= Beginning of Section =
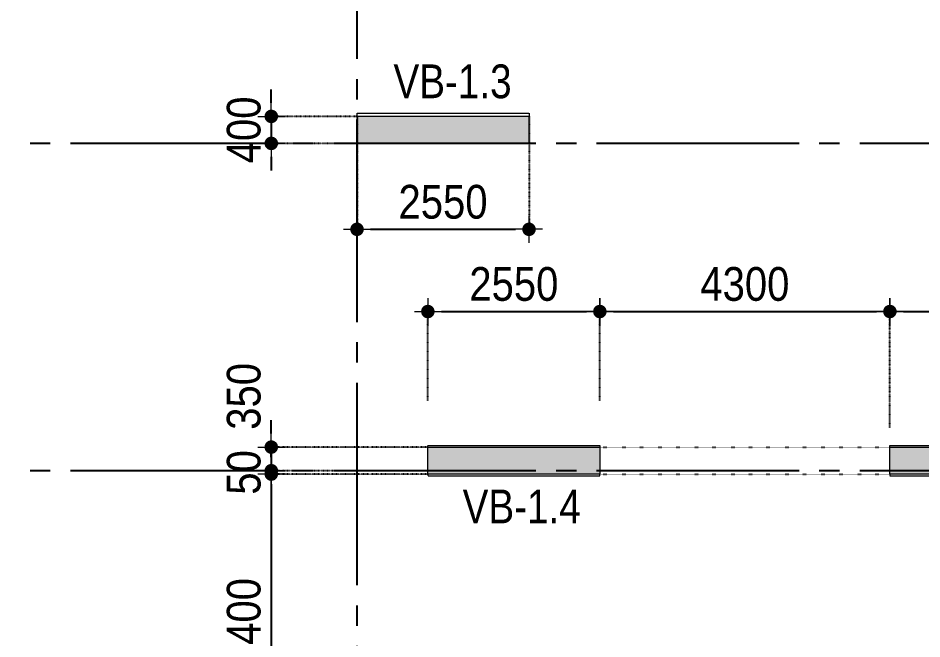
# Model space of a CAD drawing. Header units: millimetres. Extents: x -3973692 to -2843767, y 592734 to 838475.
# Drawn here: x -3476670 to -3463270, y 748539 to 757738 of the extents above; entities that cross this region are included whole.
import ezdxf
from ezdxf.enums import TextEntityAlignment as Align

# ---------------------------------------------------------------- set-up
doc = ezdxf.new("R2010")
doc.units = ezdxf.units.MM
doc.header["$MEASUREMENT"] = 0
doc.header["$PDMODE"] = 3
doc.header["$PDSIZE"] = -20
for name, pattern in [('CHG_XX_Cot_Tang 1$0$MB_Luoi truc$0$HTT Hidden 21', [3, 2, -1]), ('CHG_XX_Luoi truc$0$MB_Luoi truc$0$Center101', [13, 10, -1, 1, -1]), ('DIVIDE2', [15.875, 6.35, -3.175, 0, -3.175, 0, -3.175]), ('DOT2', [0.125, 0, -0.125]), ('HIDDEN5', [2.8375, 1.25, -1.5875])]:
    doc.linetypes.add(name, pattern=pattern)
doc.layers.get('0').update_dxf_attribs({"lineweight": 9})
doc.layers.get('Defpoints').update_dxf_attribs({"color": 10, "lineweight": 0})
for name, color, linetype, lineweight in [("'S_General_Dim_1", 1, 'Continuous', 18), ("'S_General_Divide_3 Intermediate", 3, 'DIVIDE2', 40), ('CHG_XX_Cot_Tang 1$0$NS-Pier', 150, 'Continuous', 9), ('CHG_XX_Cot_Tang 1$0$NS-Pier @ 1', 150, 'Continuous', 9), ('CHG_XX_Cot_Tang 1$0$NS-Pier @ 100', 150, 'Continuous', 9), ('CHG_XX_Cot_Tang 1$0$NS-Pier @ 150 VP1', 150, 'Continuous', 9), ('CHG_XX_Cot_Tang 1$0$NS-Pier @ 150 VP2', 150, 'Continuous', 9), ('CHG_XX_Cot_Tang 1$0$NS-Pier @ 150 VP3', 150, 'Continuous', 9), ('CHG_XX_Cot_Tang 1$0$NS-Pier @ 150 VP4', 150, 'Continuous', 9), ('CHG_XX_Cot_Tang 1$0$NS-Pier @ 150 VP5', 150, 'Continuous', 9), ('CHG_XX_Cot_Tang 1$0$NS-Pier @ 150 VP6', 150, 'Continuous', 9), ('CHG_XX_Cot_Tang 1$0$NS-Pier @ 150 VP7', 150, 'Continuous', 9), ('CHG_XX_Cot_Tang 1$0$NS-Pier @ 150 VP8', 150, 'Continuous', 9), ('CHG_XX_Cot_Tang 1$0$NS-Pier @ 150 VP9', 150, 'Continuous', 9), ('CHG_XX_Cot_Tang 1$0$NS-Pier @ 150 VPModel', 150, 'Continuous', 9), ('CHG_XX_Cot_Tang 1$0$NS-Pier @ 200 VP11', 150, 'Continuous', 9), ('CHG_XX_Cot_Tang 1$0$NS-Pier @ 200 VP12', 150, 'Continuous', 9), ('CHG_XX_Cot_Tang 1$0$NS-Pier @ 200 VP13', 150, 'Continuous', 9), ('CHG_XX_Cot_Tang 1$0$NS-Pier @ 200 VP14', 150, 'Continuous', 9), ('CHG_XX_Cot_Tang 1$0$NS-Pier @ 200 VP15', 150, 'Continuous', 9), ('CHG_XX_Cot_Tang 1$0$NS-Pier @ 200 VP16', 150, 'Continuous', 9), ('CHG_XX_Cot_Tang 1$0$NS-Pier @ 200 VP17', 150, 'Continuous', 9), ('CHG_XX_Cot_Tang 1$0$NS-Pier @ 200 VP18', 150, 'Continuous', 9), ('CHG_XX_Cot_Tang 1$0$NS-Pier @ 200 VP19', 150, 'Continuous', 9), ('CHG_XX_Cot_Tang 1$0$NS-Pier @ 200 VP21', 150, 'Continuous', 9), ('CHG_XX_Cot_Tang 1$0$NS-Pier @ 200 VP22', 150, 'Continuous', 9), ('CHG_XX_Cot_Tang 1$0$NS-Pier @ 200 VP23', 150, 'Continuous', 9), ('CHG_XX_Cot_Tang 1$0$NS-Pier @ 200 VP24', 150, 'Continuous', 9), ('CHG_XX_Cot_Tang 1$0$NS-Pier @ 200 VP25', 150, 'Continuous', 9), ('CHG_XX_Cot_Tang 1$0$NS-Pier @ 200 VP26', 150, 'Continuous', 9), ('CHG_XX_Cot_Tang 1$0$NS-Pier @ 200 VP27', 150, 'Continuous', 9), ('CHG_XX_Cot_Tang 1$0$NS-Pier @ 200 VP28', 150, 'Continuous', 9), ('CHG_XX_Cot_Tang 1$0$NS-Pier @ 200 VP30', 150, 'Continuous', 9), ('CHG_XX_Cot_Tang 1$0$NS-Pier @ 200 VP31', 150, 'Continuous', 9), ('CHG_XX_Cot_Tang 1$0$NS-Pier @ 200 VP32', 150, 'Continuous', 9), ('CHG_XX_Cot_Tang 1$0$NS-Pier @ 200 VP33', 150, 'Continuous', 9), ('CHG_XX_Cot_Tang 1$0$NS-Pier @ 200 VP34', 150, 'Continuous', 9), ('CHG_XX_Cot_Tang 1$0$NS-Pier @ 200 VP35', 150, 'Continuous', 9), ('CHG_XX_Cot_Tang 1$0$NS-Pier @ 200 VP36', 150, 'Continuous', 9), ('CHG_XX_Cot_Tang 1$0$NS-Pier @ 200 VP37', 150, 'Continuous', 9), ('CHG_XX_Cot_Tang 1$0$NS-Pier @ 200 VPModel', 150, 'Continuous', 9), ('CHG_XX_Cot_Tang 1$0$NS-Pier @ 350 VP10', 150, 'Continuous', 9), ('CHG_XX_Cot_Tang 1$0$NS-Pier @ 350 VP20', 150, 'Continuous', 9), ('CHG_XX_Cot_Tang 1$0$NS-Pier @ 350 VP29', 150, 'Continuous', 9), ('CHG_XX_Cot_Tang 1$0$NS-Pier @ 350 VPModel', 150, 'Continuous', 9), ('TEXT', 7, 'Continuous', 15)]:
    doc.layers.add(name, color=color, linetype=linetype, lineweight=lineweight)
for name, color, linetype in [('CHG_XX_Luoi truc$0$Grid', 34, 'Continuous'), ('CHG_XX_Luoi truc$0$Grid Line', 251, 'CHG_XX_Luoi truc$0$MB_Luoi truc$0$Center101'), ('dim', 1, 'Continuous')]:
    doc.layers.add(name, color=color, linetype=linetype)
doc.styles.add('arial', font='arial.ttf', dxfattribs={"width": 0.85})
doc.styles.add('CHG_XX_Luoi truc$0$MB_Luoi truc$0$Grid A-F$0$VNI-HelveCB', font='')
doc.styles.add('TTP-HelCon', font='')
doc.styles.get('CHG_XX_Luoi truc$0$MB_Luoi truc$0$Grid A-F$0$VNI-HelveCB').set_extended_font_data('VNI-Helve-Condense', bold=True)
doc.styles.get('TTP-HelCon').set_extended_font_data('VNI-Helve-Condense')
doc.dimstyles.new('200', dxfattribs={"dimscale": 200, "dimtxt": 2.5, "dimasz": 1, "dimexe": 0, "dimexo": 0, "dimgap": 0.75, "dimtad": 1, "dimdec": 0, "dimrnd": 10, "dimzin": 9, "dimdsep": 46, "dimtxsty": 'arial', "dimblk1": 'DIMDOT', "dimblk2": 'DIMDOT', "dimsah": 1, "dimcen": 2, "dimdle": 3, "dimclre": 8, "dimclrt": 2, "dimadec": 0, "dimazin": 0, "dimtfac": 1, "dimtdec": 0, "dimtix": 1, "dimtmove": 2, "dimatfit": 3, "dimldrblk": 'DIMPIJL', "dimfxl": 1, "dimtvp": 1.8, "dimtolj": 1, "dimtzin": 0, "dimarcsym": 0})

# ---------------------------------------------------------------- blocks, each defined once
blk = doc.blocks.new('*U3260')
at = {"layer": 'CHG_XX_Cot_Tang 1$0$NS-Pier @ 1'}
h = blk.add_hatch(color=256, dxfattribs=at)
h.dxf.hatch_style = 1
h.paths.add_polyline_path([(400, 0), (0, 0), (0, -2550), (400, -2550)])
at = {"layer": 'CHG_XX_Cot_Tang 1$0$NS-Pier @ 100'}
h = blk.add_hatch(color=256, dxfattribs=at)
h.dxf.hatch_style = 1
h.paths.add_polyline_path([(400, 0), (0, 0), (0, -2550), (400, -2550)])
at = {"layer": 'CHG_XX_Cot_Tang 1$0$NS-Pier @ 150 VP1'}
h = blk.add_hatch(color=256, dxfattribs=at)
h.dxf.hatch_style = 1
h.paths.add_polyline_path([(400, 0), (0, 0), (0, -2550), (400, -2550)])
at = {"layer": 'CHG_XX_Cot_Tang 1$0$NS-Pier @ 150 VP2'}
h = blk.add_hatch(color=256, dxfattribs=at)
h.dxf.hatch_style = 1
h.paths.add_polyline_path([(400, 0), (0, 0), (0, -2550), (400, -2550)])
at = {"layer": 'CHG_XX_Cot_Tang 1$0$NS-Pier @ 150 VP3'}
h = blk.add_hatch(color=256, dxfattribs=at)
h.dxf.hatch_style = 1
h.paths.add_polyline_path([(400, 0), (0, 0), (0, -2550), (400, -2550)])
at = {"layer": 'CHG_XX_Cot_Tang 1$0$NS-Pier @ 150 VP4'}
h = blk.add_hatch(color=256, dxfattribs=at)
h.dxf.hatch_style = 1
h.paths.add_polyline_path([(400, 0), (0, 0), (0, -2550), (400, -2550)])
at = {"layer": 'CHG_XX_Cot_Tang 1$0$NS-Pier @ 150 VP5'}
h = blk.add_hatch(color=256, dxfattribs=at)
h.dxf.hatch_style = 1
h.paths.add_polyline_path([(400, 0), (0, 0), (0, -2550), (400, -2550)])
at = {"layer": 'CHG_XX_Cot_Tang 1$0$NS-Pier @ 150 VP6'}
h = blk.add_hatch(color=256, dxfattribs=at)
h.dxf.hatch_style = 1
h.paths.add_polyline_path([(400, 0), (0, 0), (0, -2550), (400, -2550)])
at = {"layer": 'CHG_XX_Cot_Tang 1$0$NS-Pier @ 150 VP7'}
h = blk.add_hatch(color=256, dxfattribs=at)
h.dxf.hatch_style = 1
h.paths.add_polyline_path([(400, 0), (0, 0), (0, -2550), (400, -2550)])
at = {"layer": 'CHG_XX_Cot_Tang 1$0$NS-Pier @ 150 VP8'}
h = blk.add_hatch(color=256, dxfattribs=at)
h.dxf.hatch_style = 1
h.paths.add_polyline_path([(400, 0), (0, 0), (0, -2550), (400, -2550)])
at = {"layer": 'CHG_XX_Cot_Tang 1$0$NS-Pier @ 150 VP9'}
h = blk.add_hatch(color=256, dxfattribs=at)
h.dxf.hatch_style = 1
h.paths.add_polyline_path([(400, 0), (0, 0), (0, -2550), (400, -2550)])
at = {"layer": 'CHG_XX_Cot_Tang 1$0$NS-Pier @ 150 VPModel'}
h = blk.add_hatch(color=256, dxfattribs=at)
h.dxf.hatch_style = 1
h.paths.add_polyline_path([(400, 0), (0, 0), (0, -2550), (400, -2550)])
at = {"layer": 'CHG_XX_Cot_Tang 1$0$NS-Pier @ 200 VP11'}
h = blk.add_hatch(color=256, dxfattribs=at)
h.dxf.hatch_style = 1
h.paths.add_polyline_path([(400, 0), (0, 0), (0, -2550), (400, -2550)])
at = {"layer": 'CHG_XX_Cot_Tang 1$0$NS-Pier @ 200 VP12'}
h = blk.add_hatch(color=256, dxfattribs=at)
h.dxf.hatch_style = 1
h.paths.add_polyline_path([(400, 0), (0, 0), (0, -2550), (400, -2550)])
at = {"layer": 'CHG_XX_Cot_Tang 1$0$NS-Pier @ 200 VP13'}
h = blk.add_hatch(color=256, dxfattribs=at)
h.dxf.hatch_style = 1
h.paths.add_polyline_path([(400, 0), (0, 0), (0, -2550), (400, -2550)])
at = {"layer": 'CHG_XX_Cot_Tang 1$0$NS-Pier @ 200 VP14'}
h = blk.add_hatch(color=256, dxfattribs=at)
h.dxf.hatch_style = 1
h.paths.add_polyline_path([(400, 0), (0, 0), (0, -2550), (400, -2550)])
at = {"layer": 'CHG_XX_Cot_Tang 1$0$NS-Pier @ 200 VP15'}
h = blk.add_hatch(color=256, dxfattribs=at)
h.dxf.hatch_style = 1
h.paths.add_polyline_path([(400, 0), (0, 0), (0, -2550), (400, -2550)])
at = {"layer": 'CHG_XX_Cot_Tang 1$0$NS-Pier @ 200 VP16'}
h = blk.add_hatch(color=256, dxfattribs=at)
h.dxf.hatch_style = 1
h.paths.add_polyline_path([(400, 0), (0, 0), (0, -2550), (400, -2550)])
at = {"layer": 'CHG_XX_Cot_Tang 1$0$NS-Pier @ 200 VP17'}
= End of Section =
◆ **About this task**: Identify the lines above that contain the word "Grid", then copy them.

◆ **Response to this exercise**:
for name, color, linetype in [('CHG_XX_Luoi truc$0$Grid', 34, 'Continuous'), ('CHG_XX_Luoi truc$0$Grid Line', 251, 'CHG_XX_Luoi truc$0$MB_Luoi truc$0$Center101'), ('dim', 1, 'Continuous')]:
doc.styles.add('CHG_XX_Luoi truc$0$MB_Luoi truc$0$Grid A-F$0$VNI-HelveCB', font='')
doc.styles.get('CHG_XX_Luoi truc$0$MB_Luoi truc$0$Grid A-F$0$VNI-HelveCB').set_extended_font_data('VNI-Helve-Condense', bold=True)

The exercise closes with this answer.